# Flicker shad hooks



## Crappie&eyes (Nov 4, 2018)

With all the reports of guys using flicker shads for saugeye on OGF I haven’t seen any reports on the likes or dislikes of the original hooks. I have had several bent so badly by catfish that were caught they had to be replaced. I’ve also had fish come unhooked at a above average rate. Just wanted to know if anyone has replaced the original hooks and what your results have been after doing so, thanks.


----------



## MIGHTY (Sep 21, 2013)

I’ve got nothing to add to this but I’ve been running into similar problems with smallmouth coming unhooked with a $9 topwater lure. I’ve had 1 hook on the front and rear treble break off so I’ll be paying attention to what guys prefer if they swap them out.


----------



## skywayvett (Jan 13, 2010)

I swap mine out and carry split ring tool and hooks in boat,I buy hooks in bulk.


----------



## Daveo76 (Apr 14, 2004)

I fish for Hybrid Stripers on the big O and always replace treble hooks anyway, at least on crankbaits like that. Not much fun having a 10 lber come unbuttoned at your feet. Mighty, I know you've heard it before but wait that extra split second before you set the hook!!


----------



## Crappie&eyes (Nov 4, 2018)

Crappie&eyes said:


> With all the reports of guys using flicker shads for saugeye on OGF I haven’t seen any reports on the likes or dislikes of the original hooks. I have had several bent so badly by catfish that were caught they had to be replaced. I’ve also had fish come unhooked at a above average rate. Just wanted to know if anyone has replaced the original hooks and what your results have been after doing so, thanks.





skywayvett said:


> I swap mine out and carry split ring tool and hooks in boat,I buy hooks in bulk.
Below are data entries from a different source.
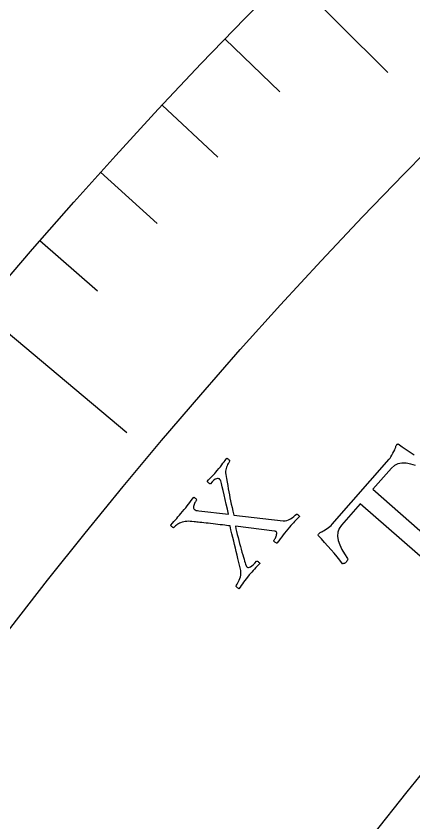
# Model space of a CAD drawing. Header units: millimetres. Extents: x -76 to 76, y -76 to 86.
# Drawn here: x -52.22 to -46.99, y 37.46 to 48.08 of the extents above; entities that cross this region are included whole.
import ezdxf

# ---------------------------------------------------------------- set-up
doc = ezdxf.new("R2010")
doc.units = ezdxf.units.MM
for name, color, linetype in [('CUT_OUTER', 1, 'Continuous'), ('ENGRAVE', 7, 'Continuous'), ('ENGRAVE_FINE', 8, 'Continuous'), ('TEXT', 5, 'Continuous')]:
    doc.layers.add(name, color=color, linetype=linetype)

msp = doc.modelspace()

# ---------------------------------------------------------------- linework, layer by layer
at = {"layer": 'CUT_OUTER'}
msp.add_arc((-0.0065, 0.0056), 75.9914, 129.752458, 142.734774, dxfattribs=at)
at = {"layer": 'ENGRAVE'}
for points in [[(-48.6348, 48.6348), (-47.3343, 47.3343)], [(-52.6885, 44.2109), (-50.7673, 42.5988)]]:
    msp.add_lwpolyline(points, dxfattribs=at)
for radius in [74.48, 74.48, 72.485, 68.78, 68.78, 65.854, 60.42, 60.42, 57.228, 51.3, 51.3]:
    msp.add_circle((0, 0), radius, dxfattribs=at)
at = {"layer": 'ENGRAVE_FINE'}
for points in [[(-49.4762, 47.7786), (-48.7545, 47.0817)], [(-50.3025, 46.9078), (-49.5688, 46.2237)], [(-51.1135, 46.0228), (-50.368, 45.3515)], [(-51.9089, 45.1237), (-51.1518, 44.4656)]]:
    msp.add_lwpolyline(points, dxfattribs=at)
at = {"layer": 'TEXT'}
for points in [[(-46.6045, 40.7067), (-47.6988, 41.6624), (-47.9446, 41.3793), (-47.9741, 41.3355), (-47.9909, 41.2876), (-47.9947, 41.2356), (-47.9858, 41.1794), (-47.9666, 41.1208), (-47.9397, 41.0617), (-47.9052, 41.0019), (-47.863, 40.9415), (-47.862, 40.9328), (-47.8644, 40.9231), (-47.87, 40.9124), (-47.8789, 40.9005), (-47.8847, 40.8925), (-47.8911, 40.8862), (-47.898, 40.8815), (-47.9054, 40.8784), (-47.9126, 40.8764), (-47.919, 40.8749), (-47.9244, 40.8738), (-47.929, 40.8733), (-47.9652, 40.9193), (-48.0028, 40.9654), (-48.0416, 41.0117), (-48.0818, 41.0582), (-48.1231, 41.105), (-48.1655, 41.1522), (-48.209, 41.1999), (-48.2535, 41.248), (-48.2502, 41.2554), (-48.2453, 41.2626), (-48.2391, 41.2695), (-48.2314, 41.2761), (-48.2232, 41.2822), (-48.2156, 41.2872), (-48.2086, 41.2913), (-48.2023, 41.2944), (-48.1881, 41.3018), (-48.172, 41.3112), (-48.154, 41.3226), (-48.1339, 41.336), (-48.1141, 41.3503), (-48.0966, 41.3643), (-48.0814, 41.3782), (-48.0686, 41.3918), (-47.318, 42.2479), (-47.3059, 42.2628), (-47.2934, 42.2809), (-47.2805, 42.3021), (-47.2672, 42.3265), (-47.2549, 42.3509), (-47.2447, 42.3724), (-47.2368, 42.3908), (-47.2311, 42.4062), (-47.2275, 42.4178), (-47.2241, 42.427), (-47.2209, 42.4339), (-47.2178, 42.4384), (-47.2144, 42.4416), (-47.2103, 42.4446), (-47.2053, 42.4474), (-47.1995, 42.45), (-47.146, 42.4122), (-47.0928, 42.3756), (-47.0402, 42.3401), (-46.9879, 42.3057)], [(-46.9723, 42.1649), (-47.0341, 42.1842), (-47.0945, 42.1958), (-47.1514, 42.1973), (-47.2025, 42.1867), (-47.2478, 42.1638), (-47.2874, 42.1288), (-47.532, 41.8526), (-46.4416, 40.8925)]]:
    msp.add_lwpolyline(points, dxfattribs=at)
msp.add_lwpolyline([(-50.0341, 41.5591), (-50.0127, 41.5851), (-49.9925, 41.6103), (-49.9734, 41.6345), (-49.9555, 41.6579), (-49.9382, 41.6807), (-49.921, 41.7033), (-49.9039, 41.7256), (-49.8868, 41.7476), (-49.8821, 41.7458), (-49.8762, 41.7425), (-49.8693, 41.7376), (-49.8611, 41.7311), (-49.8539, 41.7244), (-49.8493, 41.7188), (-49.8476, 41.7142), (-49.8487, 41.7107), (-49.8533, 41.7048), (-49.8585, 41.6971), (-49.8644, 41.6878), (-49.8708, 41.6769), (-49.8771, 41.665), (-49.8823, 41.6529), (-49.8865, 41.6405), (-49.8896, 41.6279), (-49.8908, 41.6157), (-49.8889, 41.6048), (-49.884, 41.5951), (-49.876, 41.5867), (-49.8665, 41.5806), (-49.8539, 41.5757), (-49.8382, 41.5719), (-49.8193, 41.5692), (-49.4294, 41.5233), (-49.4448, 41.5902), (-49.4595, 41.6554), (-49.4735, 41.7188), (-49.4868, 41.7805), (-49.4993, 41.8375), (-49.511, 41.887), (-49.5219, 41.9291), (-49.5321, 41.9637), (-49.534, 41.9687), (-49.5364, 41.9732), (-49.5391, 41.9773), (-49.5422, 41.981), (-49.5451, 41.984), (-49.5475, 41.9864), (-49.5491, 41.988), (-49.5502, 41.989), (-49.5563, 41.9923), (-49.5647, 41.9938), (-49.5753, 41.9933), (-49.5881, 41.991), (-49.6034, 41.9844), (-49.6216, 41.9712), (-49.6426, 41.9512), (-49.6664, 41.9246), (-49.6698, 41.9241), (-49.6746, 41.9256), (-49.6809, 41.9291), (-49.6888, 41.9347), (-49.6966, 41.9411), (-49.7029, 41.947), (-49.7076, 41.9523), (-49.7107, 41.957), (-49.6919, 41.9764), (-49.6742, 41.9948), (-49.6576, 42.0119), (-49.6421, 42.028), (-49.6269, 42.044), (-49.6112, 42.0611), (-49.5952, 42.0792), (-49.5787, 42.0984), (-49.5563, 42.1252), (-49.536, 42.15), (-49.518, 42.173), (-49.5022, 42.1941), (-49.4881, 42.2134), (-49.4752, 42.2308), (-49.4636, 42.2465), (-49.4531, 42.2604), (-49.4486, 42.2588), (-49.4432, 42.256), (-49.437, 42.252), (-49.4299, 42.2468), (-49.4233, 42.2409), (-49.4185, 42.2348), (-49.4153, 42.2285), (-49.414, 42.2219), (-49.4171, 42.2177), (-49.4216, 42.2111), (-49.4275, 42.202), (-49.4346, 42.1905), (-49.4421, 42.1769), (-49.449, 42.1619), (-49.4553, 42.1455), (-49.461, 42.1276), (-49.4653, 42.1086), (-49.4675, 42.0889), (-49.4677, 42.0686), (-49.4658, 42.0476), (-49.4566, 41.995), (-49.4481, 41.9459), (-49.4403, 41.9005), (-49.4331, 41.8586), (-49.426, 41.8185), (-49.4185, 41.7786), (-49.4106, 41.7388), (-49.4022, 41.6991), (-49.3932, 41.6577), (-49.3831, 41.6128), (-49.372, 41.5642), (-49.36, 41.512), (-48.7106, 41.4378), (-48.6869, 41.4373), (-48.6631, 41.4412), (-48.6392, 41.4497), (-48.6151, 41.4626), (-48.5921, 41.4781), (-48.5716, 41.494), (-48.5533, 41.5104), (-48.5375, 41.5273), (-48.5324, 41.5262), (-48.5267, 41.5233), (-48.5202, 41.5188), (-48.5129, 41.5125), (-48.5062, 41.506), (-48.5011, 41.5009), (-48.4978, 41.497), (-48.4961, 41.4944), (-48.5146, 41.4756), (-48.5317, 41.4582), (-48.5476, 41.4421), (-48.5621, 41.4273), (-48.5765, 41.4123), (-48.592, 41.3955), (-48.6087, 41.3768), (-48.6264, 41.3563), (-48.6504, 41.3278), (-48.6725, 41.3009), (-48.6927, 41.2757), (-48.7111, 41.2521), (-48.7292, 41.2283), (-48.7489, 41.2026), (-48.77, 41.1749), (-48.7927, 41.1453), (-48.7984, 41.1458), (-48.8049, 41.1483), (-48.8123, 41.1527), (-48.8206, 41.159), (-48.8279, 41.1658), (-48.8324, 41.1714), (-48.8341, 41.1759), (-48.8331, 41.1794), (-48.8291, 41.1846), (-48.8246, 41.1916), (-48.8195, 41.2004), (-48.8138, 41.211), (-48.8082, 41.2227), (-48.8034, 41.2346), (-48.7996, 41.2468), (-48.7965, 41.2592), (-48.7951, 41.2709), (-48.7959, 41.2808), (-48.799, 41.2889), (-48.8043, 41.2953), (-48.806, 41.2965), (-48.8082, 41.2977), (-48.8109, 41.2988), (-48.8141, 41.2999), (-48.8174, 41.3008), (-48.8205, 41.3014), (-48.8235, 41.3016), (-48.8262, 41.3016), (-49.3395, 41.3661), (-49.3316, 41.3318), (-49.323, 41.2958), (-49.3137, 41.2582), (-49.3038, 41.2191), (-49.2936, 41.1793), (-49.2834, 41.1401), (-49.2732, 41.1014), (-49.263, 41.0632), (-49.253, 41.0265), (-49.2434, 40.9923), (-49.2342, 40.9606), (-49.2254, 40.9314), (-49.2174, 40.9056), (-49.2106, 40.8842), (-49.2051, 40.8672), (-49.2008, 40.8547), (-49.1998, 40.8525), (-49.1986, 40.8498), (-49.1973, 40.8467), (-49.1957, 40.8431), (-49.1937, 40.8393), (-49.1913, 40.8358), (-49.1884, 40.8325), (-49.185, 40.8293), (-49.1773, 40.8256), (-49.1674, 40.8251), (-49.1551, 40.8279), (-49.1406, 40.834), (-49.1238, 40.8445), (-49.1048, 40.8605), (-49.0835, 40.8819), (-49.06, 40.9087), (-49.0549, 40.9077), (-49.0488, 40.9052), (-49.0419, 40.9012), (-49.0341, 40.8956), (-49.0268, 40.8898), (-49.0215, 40.8849), (-49.0183, 40.8809), (-49.017, 40.8778), (-49.0347, 40.8594), (-49.0525, 40.8407), (-49.0703, 40.8218), (-49.0882, 40.8026), (-49.1058, 40.7833), (-49.1231, 40.7639), (-49.1399, 40.7445), (-49.1563, 40.725), (-49.1781, 40.6984), (-49.1979, 40.6735), (-49.2159, 40.6504), (-49.2319, 40.6291), (-49.247, 40.6084), (-49.2623, 40.5873), (-49.2779, 40.5658), (-49.2936, 40.5438), (-49.2987, 40.5461), (-49.3043, 40.5498), (-49.3103, 40.555), (-49.3168, 40.5616), (-49.3228, 40.5683), (-49.3274, 40.5737), (-49.3305, 40.5776), (-49.3321, 40.5803), (-49.3288, 40.5849), (-49.3236, 40.5931), (-49.3167, 40.6048), (-49.3079, 40.62), (-49.2985, 40.6377), (-49.2898, 40.6568), (-49.2817, 40.6774), (-49.2742, 40.6994), (-49.2685, 40.7218), (-49.2658, 40.7433), (-49.2659, 40.7641), (-49.269, 40.7842), (-49.2815, 40.8386), (-49.2935, 40.8907), (-49.3051, 40.9402), (-49.3163, 40.9874), (-49.3273, 41.0333), (-49.3385, 41.0791), (-49.3498, 41.125), (-49.3612, 41.1709), (-49.3729, 41.2178), (-49.3848, 41.2667), (-49.3971, 41.3176), (-49.4097, 41.3706), (-49.4306, 41.3735), (-49.4542, 41.3766), (-49.4802, 41.3797), (-49.5088, 41.383), (-49.5389, 41.3864), (-49.5697, 41.39), (-49.601, 41.3937), (-49.633, 41.3977), (-49.6648, 41.4016), (-49.6955, 41.4052), (-49.7253, 41.4086), (-49.754, 41.4118), (-49.7809, 41.4146), (-49.8052, 41.4173), (-49.8271, 41.4196), (-49.8464, 41.4217), (-49.8621, 41.4234), (-49.8734, 41.4246), (-49.8801, 41.4254), (-49.8824, 41.4256), (-49.9099, 41.4288), (-49.9352, 41.4307), (-49.9583, 41.4312), (-49.9791, 41.4302), (-49.999, 41.4279), (-50.0192, 41.424), (-50.0396, 41.4187), (-50.0604, 41.412), (-50.074, 41.4066), (-50.0873, 41.3998), (-50.1003, 41.3917), (-50.1131, 41.3823), (-50.1248, 41.3727), (-50.1347, 41.3639), (-50.1428, 41.356), (-50.1492, 41.349), (-50.1524, 41.3473), (-50.1572, 41.3481), (-50.1636, 41.3515), (-50.1715, 41.3575), (-50.1792, 41.3644), (-50.1849, 41.3709), (-50.1884, 41.377), (-50.19, 41.3826), (-50.1681, 41.4075), (-50.1477, 41.4305), (-50.1288, 41.4514), (-50.1114, 41.4703), (-50.0941, 41.4893), (-50.0754, 41.5104), (-50.0554, 41.5336), (-50.0341, 41.5591)], close=True, dxfattribs=at)

doc.saveas('drawing.dxf')

I use them trolling for saugeye and walleye so hook set isn’t normally needed. I just think the bend is too far towards the center of the treble. I tried to bend them out but they break off. What suggestions do you have as far as make of trebles, and I’m guessing that I should stay with the same size due to lure balance?


----------



## MIGHTY (Sep 21, 2013)

^^^ agree, any recommendations for replacements? Yep Daveo learned to pause after a strike on top water long ago using buzz baits. I’m mostly concerned with the number I’ve had come unbuttoned at the bank.


----------



## Redhunter1012 (Feb 6, 2006)

I bend all mine out slightly as soon as I get them. I replace with some Eagle Claw that are same size and it doesn't seem to affect the action


----------



## Saugeyefisher (Jul 19, 2010)

I dont replace them till they break. I've had excellent hook up percentage with them the last two years casting them for saugeye.


----------



## Morrowtucky Mike (May 2, 2018)

Yep, hooks from factory don’t last long but man do they stick fish! I replace as needed. If I troll for half a day I usually replace atleast 2 trebles on the #5’s. I always have a pack or two in the boat. Even the #11’s minnows I use at Erie get bent outta whack. Don’t care, lures are fish catching machines and I just swap hooks as needed. Here’s what I use on #5’s.


----------



## Morrowtucky Mike (May 2, 2018)

Oh size 8 on 5’s


----------



## Southernsaug (May 23, 2019)

I have become somewhat disenchanted with hooks anymore and especially eagle claw. The eyes aren't closed and with small braided line I have the line pull right out of the eye. They seem to bend easier too. I just started my trot line season and I bought 6/0 style 84 and I need to sharpen them already. I carry a hook file and soon as one won't easily go through a blue gill it gets honed. I have to resharpen my crank baits all the time. If someone knows a good sound and sharp hook I too would like to know. I don't like mustad either.


----------



## EnonEye (Apr 13, 2011)

Take one to a local reputable fishing store ie-fishermans Headqtrs and they'll "hook" ya up and take all the guesswork out of it. Even a Cabela's or BassAkwardsPro-shop etc. Or just size em up with a reliable brand made in the good ol USA bought anywhere. P/U a split ring tool while there mentioned here earlier by skywayvett and you're set.


----------



## Crappie&eyes (Nov 4, 2018)

T


EnonEye said:


> Take one to a local reputable fishing store ie-fishermans Headqtrs and they'll "hook" ya up and take all the guesswork out of it. Even a Cabela's or BassAkwardsPro-shop etc. Or just size em up with a reliable brand made in the good ol USA bought anywhere. P/U a split ring tool while there mentioned here earlier by skywayvett and you're set.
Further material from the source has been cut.